The thing is, two weeks ago, this would have worked. Two weeks ago, cornered in an alley by Peterson and two very large men, I would have apologised. I would have folded. I would have given him whatever he wanted just to make the awful feeling stop.

But two weeks ago I hadn’t seen my mother’s withering assessment of my life be decimated over a dinner table by a handsome man possessed by My Lover. I hadn’t faced down Wraith in my own hallway. I hadn’t talked to Felix while his home burned around him, and held myself together by sheer stubbornness.

I am not the same person who apologised to a man for a latte having milk in it.

“I’m not going to apologise,” I say. “I’m not going to post anything on social media. I’m not going to do any of the things you’re about to ask me to do. And I’d like you to leave.”

Peterson stares at me. His jaw does that complicated thing it does. “In my line of work, reputation is everything.”

Then one of the men behind him takes a step forward.

The temperature in the alley drops.

Not subtly. Immediately, definitively, a cold that has nothing to do with November and everything to do with something that has run out of patience.

The shadows at the far end of the alley move.

Hex steps out of them, and he is not the Hex who burns toast or even the princely Hex. He is something older and colder than all of those, the shadows still moving around him, his eyes burning so red they throw light on the alley walls.

He looks at me first. Just for a second. Just to check.

Then he looks at Peterson.

“My love,” he says, and his voice is very calm, the particular calm of something that does not need to raise its voice because nothing within a considerable radius is going to argue with it. “You really do need to stop getting into these predicaments.”

Peterson has gone the colour of old chalk.

“Who…” he starts.

“You threatened Adam,” says Hex, still in that terrible calm voice. “You sent men to his workplace.

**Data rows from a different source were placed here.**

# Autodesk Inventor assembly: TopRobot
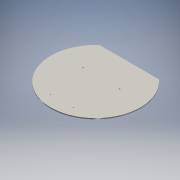
[picture p0: Inventor's stored thumbnail of the model, 180x180]
Saved by Autodesk Inventor 2019 (Build 230136000, 136)
## iProperties
Created: 2020-03-02
Part Number: TopRobot
Document SubType Name: Assembly
Designer: james
Author: james
## Documents named in this file (3)
- F:\JimsRobot\FIRSTRobots\Design\TornadoPlatypus\TopRobot.iam
- F:\JimsRobot\FIRSTRobots\Design\TornadoPlatypus\TopPlate.ipt
- F:\JimsRobot\FIRSTRobots\Design\Library\CTR\PDP_CAD\PDP_CAD_REV_1.0\3D\PDP_rev_1.0.ipt
## Components (2 placed, 2 different names)
1. TopPlate:1 — Mate:1, Mate:2, Mate:3
2. PDP_rev_1.0:1 — Mate:1, Mate:2, Mate:3
## Relationships (3: Mate 3)
- Mate:1: TopPlate:1 ↔ PDP_rev_1.0:1
- Mate:2: TopPlate:1 ↔ PDP_rev_1.0:1
- Mate:3: TopPlate:1 ↔ PDP_rev_1.0:1
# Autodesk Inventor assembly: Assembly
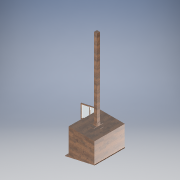
[picture p0: Inventor's stored thumbnail of the model, 180x180]
Saved by Autodesk Inventor 2017 (Build 210142000, 142)
## iProperties
Created: 2016-09-08
Part Number: Assembly
Document SubType Name: Assembly
Designer: s.ethan.wierenga
Author: s.ethan.wierenga
## Documents named in this file (5)
- E:\Github\home\ahri\.freepantry\.files\Assembly.iam
- E:\Github\home\ahri\.freepantry\.files\Post Bracket.ipt
- E:\Github\home\ahri\.freepantry\.files\Post Stick.ipt
- E:\Github\home\ahri\.freepantry\.files\Top.ipt
- E:\Github\home\ahri\.freepantry\.files\Full Door.iam
## Components (8 placed, 4 different names)
1. Post Bracket:1 — Flush:7, Mate:4, Flush:8, Flush:9
2. Post Stick:1 — Flush:1, Mate:1, Flush:2, Flush:3, Mate:2, Flush:4, Flush:5, Mate:3, Flush:6, Flush:7, Mate:4, Flush:8, Mate:5
3. Post Bracket:2 — Flush:5, Mate:3, Flush:6
4. Post Bracket:3 — Flush:1, Mate:1, Flush:2
5. Post Bracket:4 — Flush:3, Mate:2, Flush:4, Flush:10
6. Top:1 — Flush:9, Mate:5, Flush:10, Mate:6, Flush:11, Mate:7, Flush:12
7. Full Door:1 [sub-assembly] — Mate:6, Flush:11
8. Full Door:2 [sub-assembly] — Mate:7, Flush:12
## Relationships (19: Flush 12, Mate 7)
- Flush:1: Post Stick:1 ↔ Post Bracket:3
- Mate:1: Post Stick:1 ↔ Post Bracket:3
- Flush:2: Post Stick:1 ↔ Post Bracket:3
- Flush:3: Post Stick:1 ↔ Post Bracket:4
- Mate:2: Post Stick:1 ↔ Post Bracket:4
- Flush:4: Post Stick:1 ↔ Post Bracket:4
- Flush:5: Post Stick:1 ↔ Post Bracket:2
- Mate:3: Post Stick:1 ↔ Post Bracket:2
- Flush:6: Post Stick:1 ↔ Post Bracket:2
- Flush:7: Post Bracket:1 ↔ Post Stick:1
- Mate:4: Post Bracket:1 ↔ Post Stick:1
- Flush:8: Post Bracket:1 ↔ Post Stick:1
- Flush:9 (311.15 mm): Post Bracket:1 ↔ Top:1
- Mate:5: Post Stick:1 ↔ Top:1
- Flush:10 (234.95 mm): Post Bracket:4 ↔ Top:1
- Mate:6: Top:1 ↔ Full Door:1
- Flush:11: Top:1 ↔ Full Door:1
- Mate:7: Top:1 ↔ Full Door:2
- Flush:12: Top:1 ↔ Full Door:2
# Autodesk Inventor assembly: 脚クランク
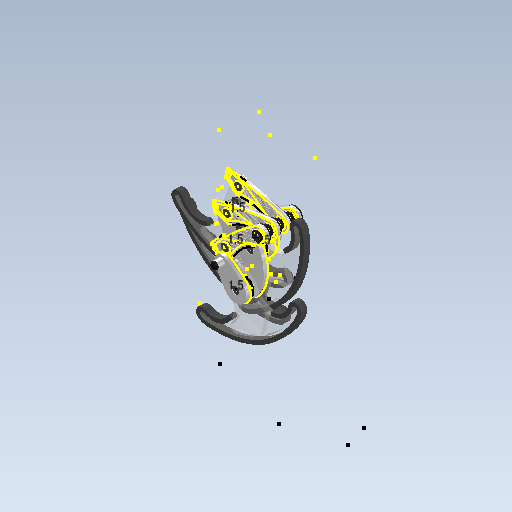
[picture p0: Inventor's stored thumbnail of the model, 512x512]
Saved by Autodesk Inventor 2020.4 (Build 244396000, 396)
## iProperties
Created: 2021-02-23
Part Number: 脚クランク
Document SubType Name: Assembly
Designer: AA19065
Mass: 76.8376 g
Surface Area: 596.376 cm^2
Volume: 42.1405 cm^3
Density: 1.82337 g/cm^3
Author: AA19065
## Documents named in this file (3)
- C:\Users\happy\OneDrive\ドキュメント\賢一ファイル\SRDC\試作10-2\アセンブリ\脚クランク.iam
- C:\Users\happy\OneDrive\ドキュメント\賢一ファイル\SRDC\試作10-2\アセンブリ\ヘッケンv2.iam
- C:\Users\happy\OneDrive\ドキュメント\賢一ファイル\SRDC\試作10-2\アセンブリ\脚クランク原動節v2.iam
## Components (5 placed, 2 different names)
1. ヘッケンv2:1 [sub-assembly] — メイト:1, 挿入:3
2. 脚クランク原動節v2:1 [sub-assembly] — 挿入:1, 挿入:2, 挿入:3, 挿入:4
3. ヘッケンv2:2 [sub-assembly] — メイト:2, 挿入:4
4. ヘッケンv2:3 [sub-assembly] — メイト:3, 挿入:2
5. ヘッケンv2:4 [sub-assembly] — メイト:1, メイト:2, メイト:3, 挿入:1
## Relationships (7: Insert 4, Mate 3)
- メイト:1 [Mate]: ヘッケンv2:1 ↔ ヘッケンv2:4
- メイト:2 [Mate]: ヘッケンv2:2 ↔ ヘッケンv2:4
- メイト:3 [Mate]: ヘッケンv2:3 ↔ ヘッケンv2:4
- 挿入:1 [Insert]: 脚クランク原動節v2:1 ↔ ヘッケンv2:4
- 挿入:2 [Insert]: 脚クランク原動節v2:1 ↔ ヘッケンv2:3
- 挿入:3 [Insert]: ヘッケンv2:1 ↔ 脚クランク原動節v2:1
- 挿入:4 [Insert]: 脚クランク原動節v2:1 ↔ ヘッケンv2:2
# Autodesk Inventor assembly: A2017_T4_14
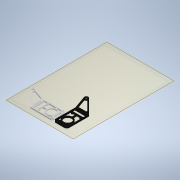
[picture p0: Inventor's stored thumbnail of the model, 180x180]
Saved by Autodesk Inventor 2020 (Build 240168000, 168)
## iProperties
Created: 2021-08-27
Part Number: A2017_T4_14
Document SubType Name: Assembly
Designer: Masato
Author: Masato
## Documents named in this file (4)
- D:\GitHub\inventor\SUSTAINA-OP\Cam\A2017_T4_14.iam
- D:\GitHub\inventor\SUSTAINA-OP\Cam\DisposableBoard.ipt
- D:\GitHub\inventor\SUSTAINA-OP\UpperBody\Trunk\Trunk_shoulder_frame.ipt
- D:\GitHub\inventor\SUSTAINA-OP\UpperBody\Trunk\Trunk_shoulder_frame_MIR.ipt
## Components (3 placed, 3 different names)
1. DisposableBoard:1 — メイト:2, メイト:1, フラッシュ:1, フラッシュ:2, メイト:6, メイト:13, メイト:14, メイト:15, 正接:1
2. Trunk_shoulder_frame_MIR:1 — メイト:6, メイト:13, メイト:16, 正接:1
3. Trunk_shoulder_frame:1 — メイト:14, メイト:15, メイト:16
## Relationships (10: Mate 7, Flush 2, Tangent 1)
- メイト:2 [Mate]: DisposableBoard:1
- メイト:1 [Mate]: DisposableBoard:1
- フラッシュ:1 [Flush]: DisposableBoard:1
- フラッシュ:2 [Flush]: DisposableBoard:1
- メイト:6 [Mate]: DisposableBoard:1 ↔ Trunk_shoulder_frame_MIR:1
- メイト:13 [Mate] (2 mm): DisposableBoard:1 ↔ Trunk_shoulder_frame_MIR:1
- メイト:14 [Mate]: DisposableBoard:1 ↔ Trunk_shoulder_frame:1
- メイト:15 [Mate] (2 mm): DisposableBoard:1 ↔ Trunk_shoulder_frame:1
- メイト:16 [Mate] (2.5 mm): Trunk_shoulder_frame_MIR:1 ↔ Trunk_shoulder_frame:1
- 正接:1 [Tangent] (2 mm): DisposableBoard:1 ↔ Trunk_shoulder_frame_MIR:1

You cornered My Love in an alley.” He tilts his head. “You’ve been a persistent problem and now you have found the end of my patience.”

“I don’t know what you...”

“I’m not interested,” says Hex, “in what you know.”

What happens next is something I will have to live with for quite some time. Not because it disturbs me, exactly. More because I watch it happen and I feel something that I am fairly sure I should not feel, which is an extremely uncharitable sense of satisfaction.

The two men behind Peterson are simply gone. Between one blink and the next, swallowed by the shadows at the edges of the alley so completely and so silently that the only evidence they were ever there is the fact that Peterson turns around and finds himself alone.

Then Hex looks at Peterson.

And Peterson makes a sound that is not dignified, and runs.